--- Supplied data Enclosed Below ---
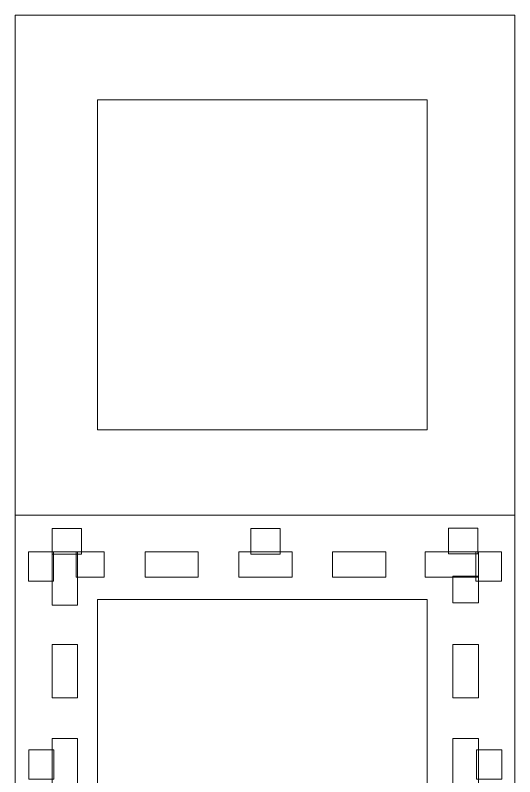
# Model space of a CAD drawing. Header units: inches. Extents: x 108 to 408, y -440 to -140.
# Drawn here: x 108 to 171.6, y -236.6 to -139.7 of the extents above; entities that cross this region are included whole.
import ezdxf

# ---------------------------------------------------------------- set-up
doc = ezdxf.new("R2010")
doc.units = ezdxf.units.IN
doc.header["$MEASUREMENT"] = 0
doc.layers.add('Layer 1', color=7, linetype='Continuous')

# ---------------------------------------------------------------- blocks, each defined once
blk = doc.blocks.new('block 3')
at = {"layer": 'Layer 1', "color": 250, "lineweight": 9}
for points in [[(171.55, -139.7), (107.95, -139.7), (107.95, -203.3), (171.55, -203.3), (171.55, -139.7)], [(160.404, -192.447), (118.405, -192.447), (118.405, -150.447), (160.404, -150.447), (160.404, -192.447)]]:
    blk.add_lwpolyline(points, dxfattribs=at)
blk = doc.blocks.new('block 6')
at = {"layer": 'Layer 1', "color": 250, "lineweight": 9}
for points in [[(171.55, -203.3), (107.95, -203.3), (107.95, -266.9), (171.55, -266.9), (171.55, -203.3)], [(116.391, -208.266), (112.662, -208.266), (112.662, -205.022), (116.391, -205.022), (116.391, -208.266)], [(141.667, -208.266), (137.939, -208.266), (137.939, -205.022), (141.667, -205.022), (141.667, -208.266)], [(166.843, -208.222), (163.115, -208.222), (163.115, -204.977), (166.843, -204.977), (166.843, -208.222)], [(112.828, -207.984), (112.828, -211.715), (109.63, -211.715), (109.63, -207.984), (112.828, -207.984)], [(115.871, -207.983), (115.871, -214.759), (112.673, -214.759), (112.673, -207.983), (115.871, -207.983)], [(119.293, -211.222), (115.709, -211.222), (115.709, -207.978), (119.293, -207.978), (119.293, -211.222)], [(131.254, -211.222), (124.483, -211.222), (124.483, -207.978), (131.254, -207.978), (131.254, -211.222)], [(143.188, -211.222), (136.417, -211.222), (136.417, -207.978), (143.188, -207.978), (143.188, -211.222)], [(155.123, -211.222), (148.352, -211.222), (148.352, -207.978), (155.123, -207.978), (155.123, -211.222)], [(166.915, -211.222), (160.144, -211.222), (160.144, -207.978), (166.915, -207.978), (166.915, -211.222)], [(169.868, -207.986), (169.868, -211.717), (166.613, -211.717), (166.613, -207.986), (169.868, -207.986)], [(163.667, -214.47), (163.667, -211.079), (166.924, -211.079), (166.924, -214.47), (163.667, -214.47)], [(160.404, -256.048), (118.405, -256.048), (118.405, -214.048), (160.404, -214.048), (160.404, -256.048)], [(115.871, -219.764), (115.871, -226.542), (112.673, -226.542), (112.673, -219.764), (115.871, -219.764)], [(163.667, -226.544), (163.667, -219.767), (166.924, -219.767), (166.924, -226.544), (163.667, -226.544)], [(115.871, -231.711), (115.871, -238.487), (112.673, -238.487), (112.673, -231.711), (115.871, -231.711)], [(163.668, -238.49), (163.668, -231.713), (166.924, -231.713), (166.924, -238.49), (163.668, -238.49)], [(112.871, -233.183), (112.871, -236.914), (109.673, -236.914), (109.673, -233.183), (112.871, -233.183)], [(169.913, -233.185), (169.913, -236.917), (166.656, -236.917), (166.656, -233.185), (169.913, -233.185)], [(115.871, -243.657), (115.871, -250.433), (112.673, -250.433), (112.673, -243.657), (115.871, -243.657)], [(163.668, -250.436), (163.668, -243.659), (166.924, -243.659), (166.924, -250.436), (163.668, -250.436)], [(115.871, -255.632), (115.871, -259.139), (112.673, -259.139), (112.673, -255.632), (115.871, -255.632)], [(163.668, -262.289), (163.668, -255.513), (166.924, -255.513), (166.924, -262.289), (163.668, -262.289)], [(112.871, -258.483), (112.871, -262.215), (109.673, -262.215), (109.673, -258.483), (112.871, -258.483)], [(169.913, -258.486), (169.913, -262.217), (166.656, -262.217), (166.656, -258.486), (169.913, -258.486)], [(112.634, -258.978), (119.417, -258.978), (119.417, -262.223), (112.634, -262.223), (112.634, -258.978)], [(124.452, -258.978), (131.235, -258.978), (131.235, -262.223), (124.452, -262.223), (124.452, -258.978)], [(136.409, -258.978), (143.192, -258.978), (143.192, -262.223), (136.409, -262.223), (136.409, -258.978)], [(148.366, -258.978), (155.15, -258.978), (155.15, -262.223), (148.366, -262.223), (148.366, -258.978)], [(160.322, -258.978), (163.795, -258.978), (163.795, -262.223), (160.322, -262.223), (160.322, -258.978)], [(116.344, -265.223), (112.61, -265.223), (112.61, -261.978), (116.344, -261.978), (116.344, -265.223)], [(141.668, -265.223), (137.934, -265.223), (137.934, -261.978), (141.668, -261.978), (141.668, -265.223)], [(166.891, -265.313), (163.157, -265.313), (163.157, -262.068), (166.891, -262.068), (166.891, -265.313)]]:
    blk.add_lwpolyline(points, dxfattribs=at)

msp = doc.modelspace()

# ---------------------------------------------------------------- block references
at = {"layer": 'Layer 1'}
for name in ['block 3', 'block 6']:
    msp.add_blockref(name, (0, 0), dxfattribs=at)

doc.saveas('drawing.dxf')
--- End of Enclosed Supplied data ---
**Exercise details**
Drop every picture, then write out the remaining entries above exactly as they appear.

**Problem solution**
# Model space of a CAD drawing. Header units: inches. Extents: x 108 to 408, y -440 to -140.
# Drawn here: x 108 to 171.6, y -236.6 to -139.7 of the extents above; entities that cross this region are included whole.
import ezdxf

# ---------------------------------------------------------------- set-up
doc = ezdxf.new("R2010")
doc.units = ezdxf.units.IN
doc.header["$MEASUREMENT"] = 0
doc.layers.add('Layer 1', color=7, linetype='Continuous')

# ---------------------------------------------------------------- blocks, each defined once
blk = doc.blocks.new('block 3')
at = {"layer": 'Layer 1', "color": 250, "lineweight": 9}
for points in [[(171.55, -139.7), (107.95, -139.7), (107.95, -203.3), (171.55, -203.3), (171.55, -139.7)], [(160.404, -192.447), (118.405, -192.447), (118.405, -150.447), (160.404, -150.447), (160.404, -192.447)]]:
    blk.add_lwpolyline(points, dxfattribs=at)
blk = doc.blocks.new('block 6')
at = {"layer": 'Layer 1', "color": 250, "lineweight": 9}
for points in [[(171.55, -203.3), (107.95, -203.3), (107.95, -266.9), (171.55, -266.9), (171.55, -203.3)], [(116.391, -208.266), (112.662, -208.266), (112.662, -205.022), (116.391, -205.022), (116.391, -208.266)], [(141.667, -208.266), (137.939, -208.266), (137.939, -205.022), (141.667, -205.022), (141.667, -208.266)], [(166.843, -208.222), (163.115, -208.222), (163.115, -204.977), (166.843, -204.977), (166.843, -208.222)], [(112.828, -207.984), (112.828, -211.715), (109.63, -211.715), (109.63, -207.984), (112.828, -207.984)], [(115.871, -207.983), (115.871, -214.759), (112.673, -214.759), (112.673, -207.983), (115.871, -207.983)], [(119.293, -211.222), (115.709, -211.222), (115.709, -207.978), (119.293, -207.978), (119.293, -211.222)], [(131.254, -211.222), (124.483, -211.222), (124.483, -207.978), (131.254, -207.978), (131.254, -211.222)], [(143.188, -211.222), (136.417, -211.222), (136.417, -207.978), (143.188, -207.978), (143.188, -211.222)], [(155.123, -211.222), (148.352, -211.222), (148.352, -207.978), (155.123, -207.978), (155.123, -211.222)], [(166.915, -211.222), (160.144, -211.222), (160.144, -207.978), (166.915, -207.978), (166.915, -211.222)], [(169.868, -207.986), (169.868, -211.717), (166.613, -211.717), (166.613, -207.986), (169.868, -207.986)], [(163.667, -214.47), (163.667, -211.079), (166.924, -211.079), (166.924, -214.47), (163.667, -214.47)], [(160.404, -256.048), (118.405, -256.048), (118.405, -214.048), (160.404, -214.048), (160.404, -256.048)], [(115.871, -219.764), (115.871, -226.542), (112.673, -226.542), (112.673, -219.764), (115.871, -219.764)], [(163.667, -226.544), (163.667, -219.767), (166.924, -219.767), (166.924, -226.544), (163.667, -226.544)], [(115.871, -231.711), (115.871, -238.487), (112.673, -238.487), (112.673, -231.711), (115.871, -231.711)], [(163.668, -238.49), (163.668, -231.713), (166.924, -231.713), (166.924, -238.49), (163.668, -238.49)], [(112.871, -233.183), (112.871, -236.914), (109.673, -236.914), (109.673, -233.183), (112.871, -233.183)], [(169.913, -233.185), (169.913, -236.917), (166.656, -236.917), (166.656, -233.185), (169.913, -233.185)], [(115.871, -243.657), (115.871, -250.433), (112.673, -250.433), (112.673, -243.657), (115.871, -243.657)], [(163.668, -250.436), (163.668, -243.659), (166.924, -243.659), (166.924, -250.436), (163.668, -250.436)], [(115.871, -255.632), (115.871, -259.139), (112.673, -259.139), (112.673, -255.632), (115.871, -255.632)], [(163.668, -262.289), (163.668, -255.513), (166.924, -255.513), (166.924, -262.289), (163.668, -262.289)], [(112.871, -258.483), (112.871, -262.215), (109.673, -262.215), (109.673, -258.483), (112.871, -258.483)], [(169.913, -258.486), (169.913, -262.217), (166.656, -262.217), (166.656, -258.486), (169.913, -258.486)], [(112.634, -258.978), (119.417, -258.978), (119.417, -262.223), (112.634, -262.223), (112.634, -258.978)], [(124.452, -258.978), (131.235, -258.978), (131.235, -262.223), (124.452, -262.223), (124.452, -258.978)], [(136.409, -258.978), (143.192, -258.978), (143.192, -262.223), (136.409, -262.223), (136.409, -258.978)], [(148.366, -258.978), (155.15, -258.978), (155.15, -262.223), (148.366, -262.223), (148.366, -258.978)], [(160.322, -258.978), (163.795, -258.978), (163.795, -262.223), (160.322, -262.223), (160.322, -258.978)], [(116.344, -265.223), (112.61, -265.223), (112.61, -261.978), (116.344, -261.978), (116.344, -265.223)], [(141.668, -265.223), (137.934, -265.223), (137.934, -261.978), (141.668, -261.978), (141.668, -265.223)], [(166.891, -265.313), (163.157, -265.313), (163.157, -262.068), (166.891, -262.068), (166.891, -265.313)]]:
    blk.add_lwpolyline(points, dxfattribs=at)

msp = doc.modelspace()

# ---------------------------------------------------------------- block references
at = {"layer": 'Layer 1'}
for name in ['block 3', 'block 6']:
    msp.add_blockref(name, (0, 0), dxfattribs=at)

doc.saveas('drawing.dxf')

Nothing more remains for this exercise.